No problem, just put them both. For smartphone (or at least not-completely-
stupid-phone) users (which are very common in e.g. Japan, where the use of
these codes is extremely widespread) qr-codes and the like are a godsend:
typing a 50 characters url correctly is a pain, scanning codes is trivial and
just about instantaneous.

> For example, you might not want to take out your fancy new superphone in the
> subway.

Not everybody lives in the bronx. That is FUD and a non-issue.

> It's slow. If you have a current top-model, it might be tolerable, but it's
> easier to just type in a URL on many phones.

No on both counts. Scanning a qr-code takes a few seconds, typing a URL
(especially a complex one) and ensuring you get it perfectly right (allowing
for a pair of errors) takes _at least_ as long _with a full keyboard_. Use a
10key, and the qr-codes win handily.

On my 3 years old smartphone (iPhone 3G), it takes roughly as long to start
quiQR and Safari, and from quiQR I only have to hit the "Scan" button and aim
the camera at the code. In Safari, I have to dismiss the favorites (if no page
is loaded yet), potentially create a new tab/page, tap the URL bar, and then
copy the URL.

And as you can see in the video, it took 5s from tapping on the qr-scanning
application icon to having the Youtube application open, . Would you be able
to type a youtube video URL (including the dozen of semi-random characters
identifier) faster without any mistake? Outlook not so good.

> You need an app before you can actually scan them.

These apps are widespread, and again in Japan (where these codes are used a
lot) I believe phones can scan them natively. Similar spread of codes in
western countries would likely lead to phones bundling native support for them
(e.g. via image recognition built in the camera software)

> I don't know where the code points to.
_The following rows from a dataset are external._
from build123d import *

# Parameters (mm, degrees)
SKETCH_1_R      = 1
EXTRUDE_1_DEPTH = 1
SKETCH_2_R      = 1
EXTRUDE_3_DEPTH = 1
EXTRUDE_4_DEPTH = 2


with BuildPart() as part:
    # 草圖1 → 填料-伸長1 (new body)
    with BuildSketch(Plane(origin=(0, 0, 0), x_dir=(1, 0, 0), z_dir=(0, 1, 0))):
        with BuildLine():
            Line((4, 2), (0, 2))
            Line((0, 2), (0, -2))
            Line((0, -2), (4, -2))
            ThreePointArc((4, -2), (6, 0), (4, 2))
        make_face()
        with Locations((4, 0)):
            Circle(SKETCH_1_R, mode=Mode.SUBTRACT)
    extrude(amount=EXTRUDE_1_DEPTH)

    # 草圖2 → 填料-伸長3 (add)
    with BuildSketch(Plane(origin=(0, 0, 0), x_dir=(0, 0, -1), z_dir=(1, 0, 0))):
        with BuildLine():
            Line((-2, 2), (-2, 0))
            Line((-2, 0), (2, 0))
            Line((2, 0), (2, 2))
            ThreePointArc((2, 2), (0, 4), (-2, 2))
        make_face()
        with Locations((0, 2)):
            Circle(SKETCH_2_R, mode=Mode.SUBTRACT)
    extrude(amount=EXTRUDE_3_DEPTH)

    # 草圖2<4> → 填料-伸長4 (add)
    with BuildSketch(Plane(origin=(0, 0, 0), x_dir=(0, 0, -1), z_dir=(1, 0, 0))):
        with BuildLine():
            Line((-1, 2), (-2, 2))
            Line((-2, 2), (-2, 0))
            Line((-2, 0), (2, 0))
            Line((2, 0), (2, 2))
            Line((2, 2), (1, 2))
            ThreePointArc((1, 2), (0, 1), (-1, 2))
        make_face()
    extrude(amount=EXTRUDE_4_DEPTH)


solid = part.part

If you give me an URL, I can already
> know something about it (e.g. cnn.com/ad2), with a QR-code, anything could
> happen.

A qr-code is just text encoding, and it often is a URL. It makes no
difference. It's trivial to pop up the textual version of the code and prompt
for further action. That's what pretty much all code-scan applications I've
used do.

> 6) It looks stupid when you're scanning the code.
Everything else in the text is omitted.